Assignment » With pictures left out, extract every line between the start of the records below and the line holding "doc.units = ezdxf.units.MM", inclusive.

[Collected data]
----------

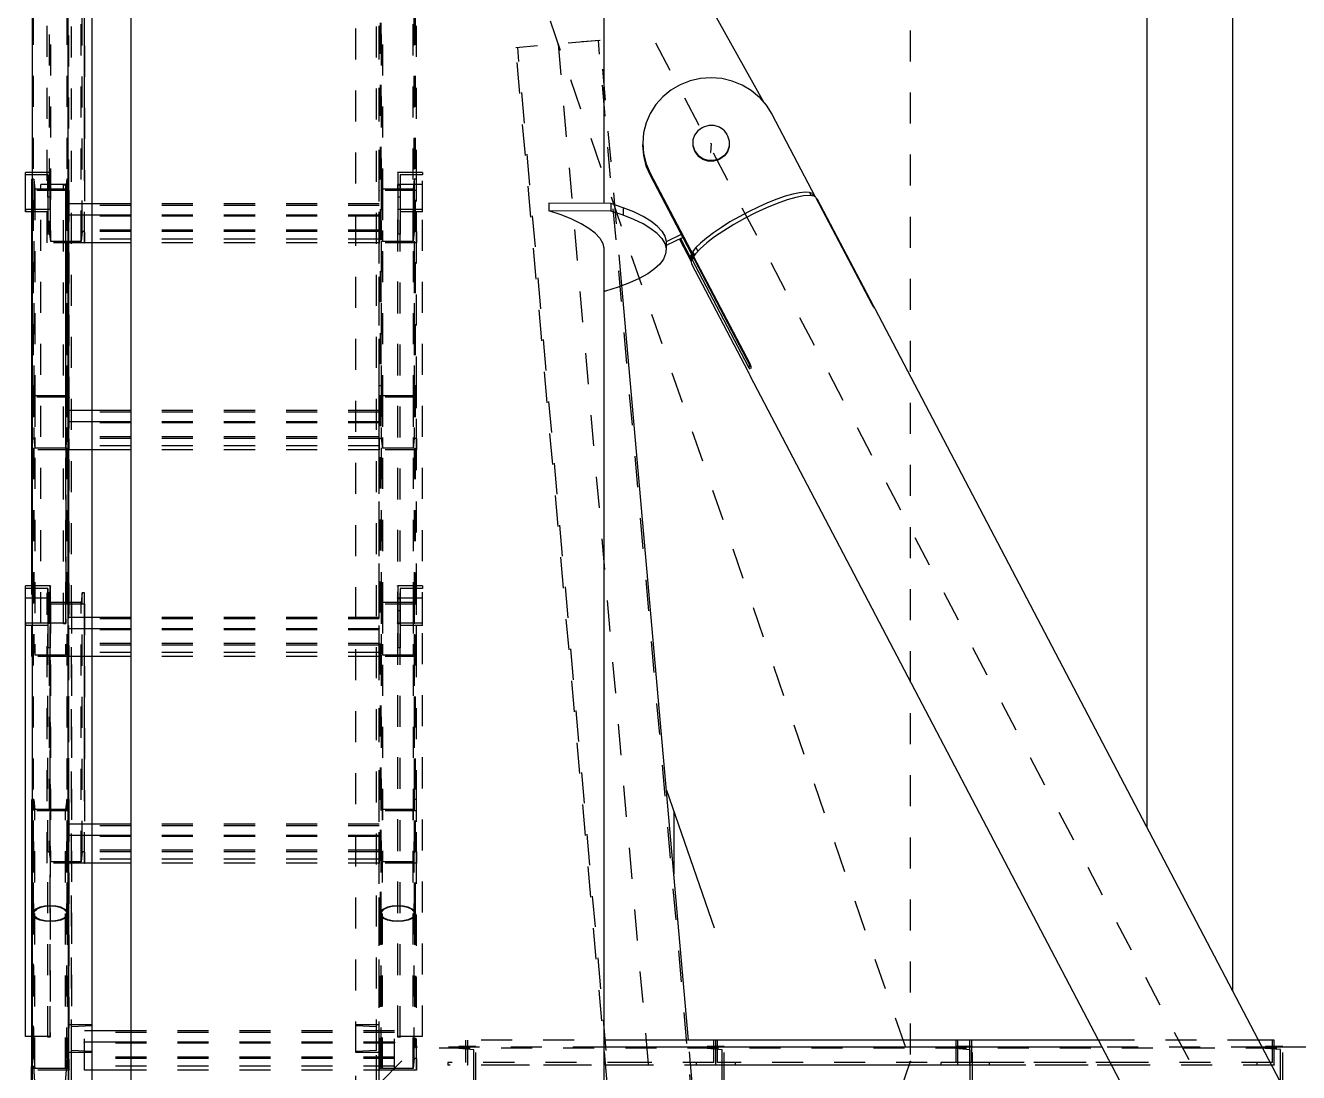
# Model space of a CAD drawing. Header units: millimetres. Extents: x 149919 to 150445, y 136651 to 136866.
# Drawn here: x 150259.112 to 150263.215, y 136845.592 to 136848.966 of the extents above; entities that cross this region are included whole.
import ezdxf

# ---------------------------------------------------------------- set-up
doc = ezdxf.new("R2010")
doc.units = ezdxf.units.MM
doc.header["$LTSCALE"] = 0.25
for name, pattern in [('CENTER', [50.8, 31.75, -6.35, 6.35, -6.35]), ('XKITLINE00', [0]), ('XKITLINE02', [4, 2, -2]), ('XKITLINE03', [6, 3, -1, 1, -1])]:
    doc.linetypes.add(name, pattern=pattern)

# ---------------------------------------------------------------- blocks, each defined once
blk = doc.blocks.new('çatıı')
at = {"color": 8, "linetype": 'CENTER'}
for p, q in [((12015, 20197.81), (12015, 18543.85)), ((11840, 20030.97), (12370, 19020.27)), ((11840, 20030.97), (12015, 19525.62)), ((11950.78, 19821.32), (11950.58, 19818.49)), ((12015, 19525.62), (11840, 19020.27))]:
    blk.add_line(p, q, dxfattribs=at)
at = {"color": 8, "linetype": 'XKITLINE00'}
for p, q in [((12091.2, 19985.39), (12091.2, 19601.11)), ((12118.8, 19985.39), (12118.8, 19548.47)), ((11763.8, 19949.63), (11763.8, 19282.77)), ((11916.2, 19891.73), (11916.2, 19802.04)), ((11936.22, 19891.15), (11967.84, 19834.57)), ((11916.23, 19886.42), (11916.23, 19802.04)), ((11937.87, 19838.6), (11935.24, 19836.45)), ((11940.81, 19840.32), (11937.87, 19838.6)), ((11944, 19841.58), (11940.81, 19840.32)), ((11947.36, 19842.34), (11944, 19841.58)), ((11950.8, 19842.58), (11947.36, 19842.34)), ((11954.24, 19842.3), (11950.8, 19842.58)), ((11957.6, 19841.5), (11954.24, 19842.3)), ((11960.79, 19840.21), (11957.6, 19841.5)), ((11963.73, 19838.45), (11960.79, 19840.21)), ((11935.24, 19836.45), (11933, 19833.92)), ((11966.35, 19836.26), (11963.73, 19838.45)), ((11966.35, 19836.26), (11968.59, 19833.72)), ((11931.19, 19831.09), (11929.86, 19828.02)), ((11933, 19833.92), (11931.19, 19831.09)), ((11968.59, 19833.72), (11970.39, 19830.86)), ((11970.39, 19830.86), (11984.35, 19804.23)), ((11929.86, 19828.02), (11929.05, 19824.78)), ((11947.92, 19826.47), (11946.5, 19825.49)), ((11948.36, 19826.69), (11947.92, 19826.47)), ((11950.03, 19827.2), (11948.36, 19826.69)), ((11951.78, 19827.19), (11950.03, 19827.2)), ((11953.45, 19826.66), (11951.78, 19827.19)), ((11954.86, 19825.66), (11953.45, 19826.66)), ((11929.05, 19824.78), (11928.78, 19821.45)), ((11944.91, 19822.31), (11944.91, 19820.62)), ((11944.93, 19822.52), (11944.92, 19820.82)), ((11945.47, 19824.12), (11944.93, 19822.52)), ((11946.5, 19825.49), (11945.47, 19824.12)), ((11954.86, 19825.66), (11955.89, 19824.28)), ((11955.89, 19824.28), (11956.12, 19823.85)), ((11956.12, 19823.85), (11956.66, 19822.24)), ((11956.66, 19822.24), (11956.66, 19820.54)), ((11928.78, 19821.45), (11928.73, 19820.81)), ((11928.73, 19820.81), (11929, 19817.48)), ((11928.78, 19821.45), (11929.05, 19818.13)), ((11929.05, 19818.13), (11929.85, 19814.88)), ((11944.91, 19820.62), (11945.45, 19819)), ((11944.92, 19820.82), (11945.46, 19819.21)), ((11945.46, 19819.21), (11945.45, 19819)), ((11945.45, 19819), (11945.67, 19818.57)), ((11945.46, 19819.21), (11945.69, 19818.78)), ((11945.69, 19818.78), (11945.67, 19818.57)), ((11945.67, 19818.57), (11946.7, 19817.2)), ((11945.69, 19818.78), (11946.72, 19817.4)), ((11956.1, 19818.73), (11955.07, 19817.37)), ((11956.11, 19818.94), (11955.08, 19817.57)), ((11956.64, 19820.34), (11956.1, 19818.73)), ((11956.66, 19820.54), (11956.11, 19818.94)), ((11956.66, 19820.54), (11956.64, 19820.34)), ((11929, 19817.48), (11929.8, 19814.23)), ((11929.85, 19814.88), (11929.8, 19814.23)), ((11929.8, 19814.23), (11931.12, 19811.14)), ((11929.85, 19814.88), (11931.17, 19811.79)), ((11948.12, 19816.19), (11946.7, 19817.2)), ((11948.13, 19816.4), (11946.72, 19817.4)), ((11949.78, 19815.66), (11948.12, 19816.19)), ((11949.8, 19815.87), (11948.13, 19816.4)), ((11951.54, 19815.65), (11949.78, 19815.66)), ((11951.55, 19815.86), (11949.8, 19815.87)), ((11953.2, 19816.16), (11951.54, 19815.65)), ((11953.22, 19816.37), (11951.55, 19815.86)), ((11953.65, 19816.38), (11953.2, 19816.16)), ((11953.22, 19816.37), (11953.2, 19816.16)), ((11953.66, 19816.59), (11953.22, 19816.37)), ((11955.07, 19817.37), (11953.65, 19816.38)), ((11953.66, 19816.59), (11953.65, 19816.38)), ((11955.08, 19817.57), (11953.66, 19816.59)), ((11931.17, 19811.79), (11931.12, 19811.14)), ((11931.12, 19811.14), (11963.27, 19749.83)), ((11931.17, 19811.79), (11945.18, 19785.06)), ((11918.52, 19802.03), (11898.52, 19802.12)), ((11898.52, 19802.12), (11898.52, 19799.7)), ((11922.42, 19800.71), (11918.52, 19802.03)), ((11918.52, 19802.03), (11918.52, 19799.61)), ((11969.02, 19802.27), (11965.98, 19800.92)), ((11972.07, 19802.06), (11968.66, 19800.65)), ((11971.94, 19803.43), (11969.02, 19802.27)), ((11974.67, 19804.37), (11971.94, 19803.43)), ((11975.26, 19803.19), (11972.07, 19802.06)), ((11977.14, 19805.07), (11974.67, 19804.37)), ((11978.12, 19804.01), (11975.26, 19803.19)), ((11979.3, 19805.52), (11977.14, 19805.07)), ((11980.58, 19804.51), (11978.12, 19804.01)), ((11981.1, 19805.7), (11979.3, 19805.52)), ((11982.56, 19804.66), (11980.58, 19804.51)), ((11982.48, 19805.61), (11981.1, 19805.7)), ((11982.48, 19805.61), (11983.01, 19804.6)), ((11983.42, 19805.25), (11982.48, 19805.61)), ((11984, 19804.46), (11982.56, 19804.66)), ((11983.42, 19805.25), (11983.83, 19804.48)), ((11984.49, 19804.14), (11984, 19804.46)), ((11984.49, 19804.14), (12002.6, 19769.6)), ((11984.91, 19803.68), (11984.77, 19803.61)), ((11984.91, 19803.68), (12003.02, 19769.14)), ((11902.43, 19798.39), (11898.52, 19799.7)), ((11918.52, 19799.61), (11898.52, 19799.7)), ((11905.89, 19797), (11902.43, 19798.39)), ((11922.42, 19798.3), (11918.52, 19799.61)), ((11925.89, 19799.32), (11922.42, 19800.71)), ((11922.42, 19800.71), (11922.42, 19798.3)), ((11925.89, 19796.91), (11922.42, 19798.3)), ((11928.88, 19797.86), (11925.89, 19799.32)), ((11931.39, 19796.34), (11928.88, 19797.86)), ((11959.84, 19797.8), (11956.88, 19796.1)), ((11962.9, 19799.42), (11959.84, 19797.8)), ((11965.13, 19799.02), (11961.59, 19797.22)), ((11965.98, 19800.92), (11962.9, 19799.42)), ((11968.66, 19800.65), (11965.13, 19799.02)), ((11908.89, 19795.54), (11905.89, 19797)), ((11911.4, 19794.02), (11908.89, 19795.54)), ((11913.4, 19792.45), (11911.4, 19794.02)), ((11928.88, 19795.45), (11925.89, 19796.91)), ((11931.39, 19793.93), (11928.88, 19795.45)), ((11933.4, 19794.77), (11931.39, 19796.34)), ((11933.4, 19792.36), (11931.39, 19793.93)), ((11933.4, 19794.77), (11934.89, 19793.16)), ((11954.1, 19794.36), (11951.55, 19792.62)), ((11956.88, 19796.1), (11954.1, 19794.36)), ((11958.14, 19795.28), (11954.89, 19793.28)), ((11961.59, 19797.22), (11958.14, 19795.28)), ((11913.4, 19792.45), (11914.89, 19790.84)), ((11914.89, 19790.84), (11915.85, 19789.21)), ((11933.4, 19792.36), (11934.89, 19790.75)), ((11934.89, 19793.16), (11935.85, 19791.53)), ((11934.89, 19790.75), (11935.85, 19789.12)), ((11935.85, 19791.53), (11936.27, 19789.88)), ((11941.12, 19792.07), (11936.27, 19789.72)), ((11941.64, 19791.08), (11936.27, 19788.48)), ((11936.27, 19789.88), (11936.27, 19787.47)), ((11940.6, 19790.58), (11944.39, 19783.36)), ((11940.91, 19790.73), (11944.12, 19784.6)), ((11947.41, 19789.32), (11945.91, 19787.83)), ((11949.38, 19789.33), (11947.28, 19787.5)), ((11949.3, 19790.93), (11947.41, 19789.32)), ((11951.55, 19792.62), (11949.3, 19790.93)), ((11951.94, 19791.28), (11949.38, 19789.33)), ((11954.89, 19793.28), (11951.94, 19791.28)), ((11915.85, 19789.21), (11916.27, 19787.56)), ((11916.2, 19787.86), (11916.2, 19282.77)), ((11916.27, 19787.56), (11916.2, 19786.46)), ((11936.15, 19785.81), (11935.5, 19784.17)), ((11935.85, 19789.12), (11936.27, 19787.47)), ((11936.27, 19787.47), (11936.15, 19785.81)), ((11944.33, 19785.57), (11944.18, 19785.14)), ((11944.48, 19785.64), (11944.33, 19785.57)), ((11944.33, 19785.57), (11945.01, 19784.28)), ((11945.91, 19787.83), (11944.85, 19786.5)), ((11944.85, 19786.5), (11945.42, 19785.41)), ((11945.72, 19785.84), (11945.15, 19785.02)), ((11947.28, 19787.5), (11945.72, 19785.84)), ((11945.91, 19787.83), (11946.51, 19786.69)), ((11934.31, 19782.55), (11932.6, 19780.95)), ((11935.5, 19784.17), (11934.31, 19782.55)), ((11944.18, 19785.14), (11944.11, 19784.74)), ((11944.11, 19784.74), (11944.13, 19784.39)), ((11944.13, 19784.39), (11944.23, 19784.08)), ((11944.13, 19784.39), (11944.5, 19783.69)), ((11944.18, 19785.14), (11944.71, 19784.13)), ((11944.23, 19784.08), (11944.47, 19783.62)), ((11944.62, 19784.09), (11944.35, 19783.23)), ((11944.35, 19783.23), (11944.52, 19782.6)), ((11944.52, 19782.6), (11962.63, 19748.05)), ((11945.16, 19784.35), (11944.62, 19784.09)), ((11944.62, 19784.09), (11962.74, 19749.55)), ((11945.16, 19784.35), (11945.01, 19784.28)), ((11945.15, 19785.02), (11963.26, 19750.47)), ((11945.2, 19784.92), (11945.19, 19784.8)), ((11945.24, 19784.85), (11945.19, 19784.8)), ((11945.19, 19784.8), (11963.3, 19750.26)), ((11927.65, 19777.91), (11924.45, 19776.48)), ((11930.37, 19779.4), (11927.65, 19777.91)), ((11932.6, 19780.95), (11930.37, 19779.4)), ((11916.71, 19773.84), (11916.2, 19773.85)), ((11920.79, 19775.12), (11916.71, 19773.84)), ((11924.45, 19776.48), (11920.79, 19775.12)), ((12002.6, 19769.6), (12002.77, 19769.29)), ((12002.77, 19769.29), (12002.94, 19768.99)), ((12003.02, 19769.14), (12002.9, 19769.08)), ((12002.94, 19768.99), (12003.12, 19768.72)), ((12003.02, 19769.14), (12003.18, 19768.85)), ((12003.18, 19768.85), (12003.07, 19768.79)), ((12003.18, 19768.85), (12003.32, 19768.59)), ((12003.12, 19768.72), (12003.28, 19768.5)), ((12003.28, 19768.5), (12003.41, 19768.33)), ((12003.32, 19768.59), (12003.43, 19768.4)), ((12003.51, 19768.25), (12003.41, 19768.33)), ((12003.43, 19768.4), (12003.51, 19768.28)), ((12003.51, 19768.28), (12003.55, 19768.24)), ((12003.55, 19768.24), (12003.51, 19768.25)), ((12003.55, 19768.24), (12265.61, 19268.5)), ((11963.49, 19749.91), (11962.74, 19749.55)), ((11962.74, 19749.55), (11962.9, 19749.26)), ((11963.57, 19749.59), (11962.9, 19749.26)), ((11962.9, 19749.26), (11963.06, 19749.02)), ((11963.06, 19749.02), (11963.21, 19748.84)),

----------

Answer box »
# Model space of a CAD drawing. Header units: millimetres. Extents: x 149919 to 150445, y 136651 to 136866.
# Drawn here: x 150259.112 to 150263.215, y 136845.592 to 136848.966 of the extents above; entities that cross this region are included whole.
import ezdxf

# ---------------------------------------------------------------- set-up
doc = ezdxf.new("R2010")
doc.units = ezdxf.units.MM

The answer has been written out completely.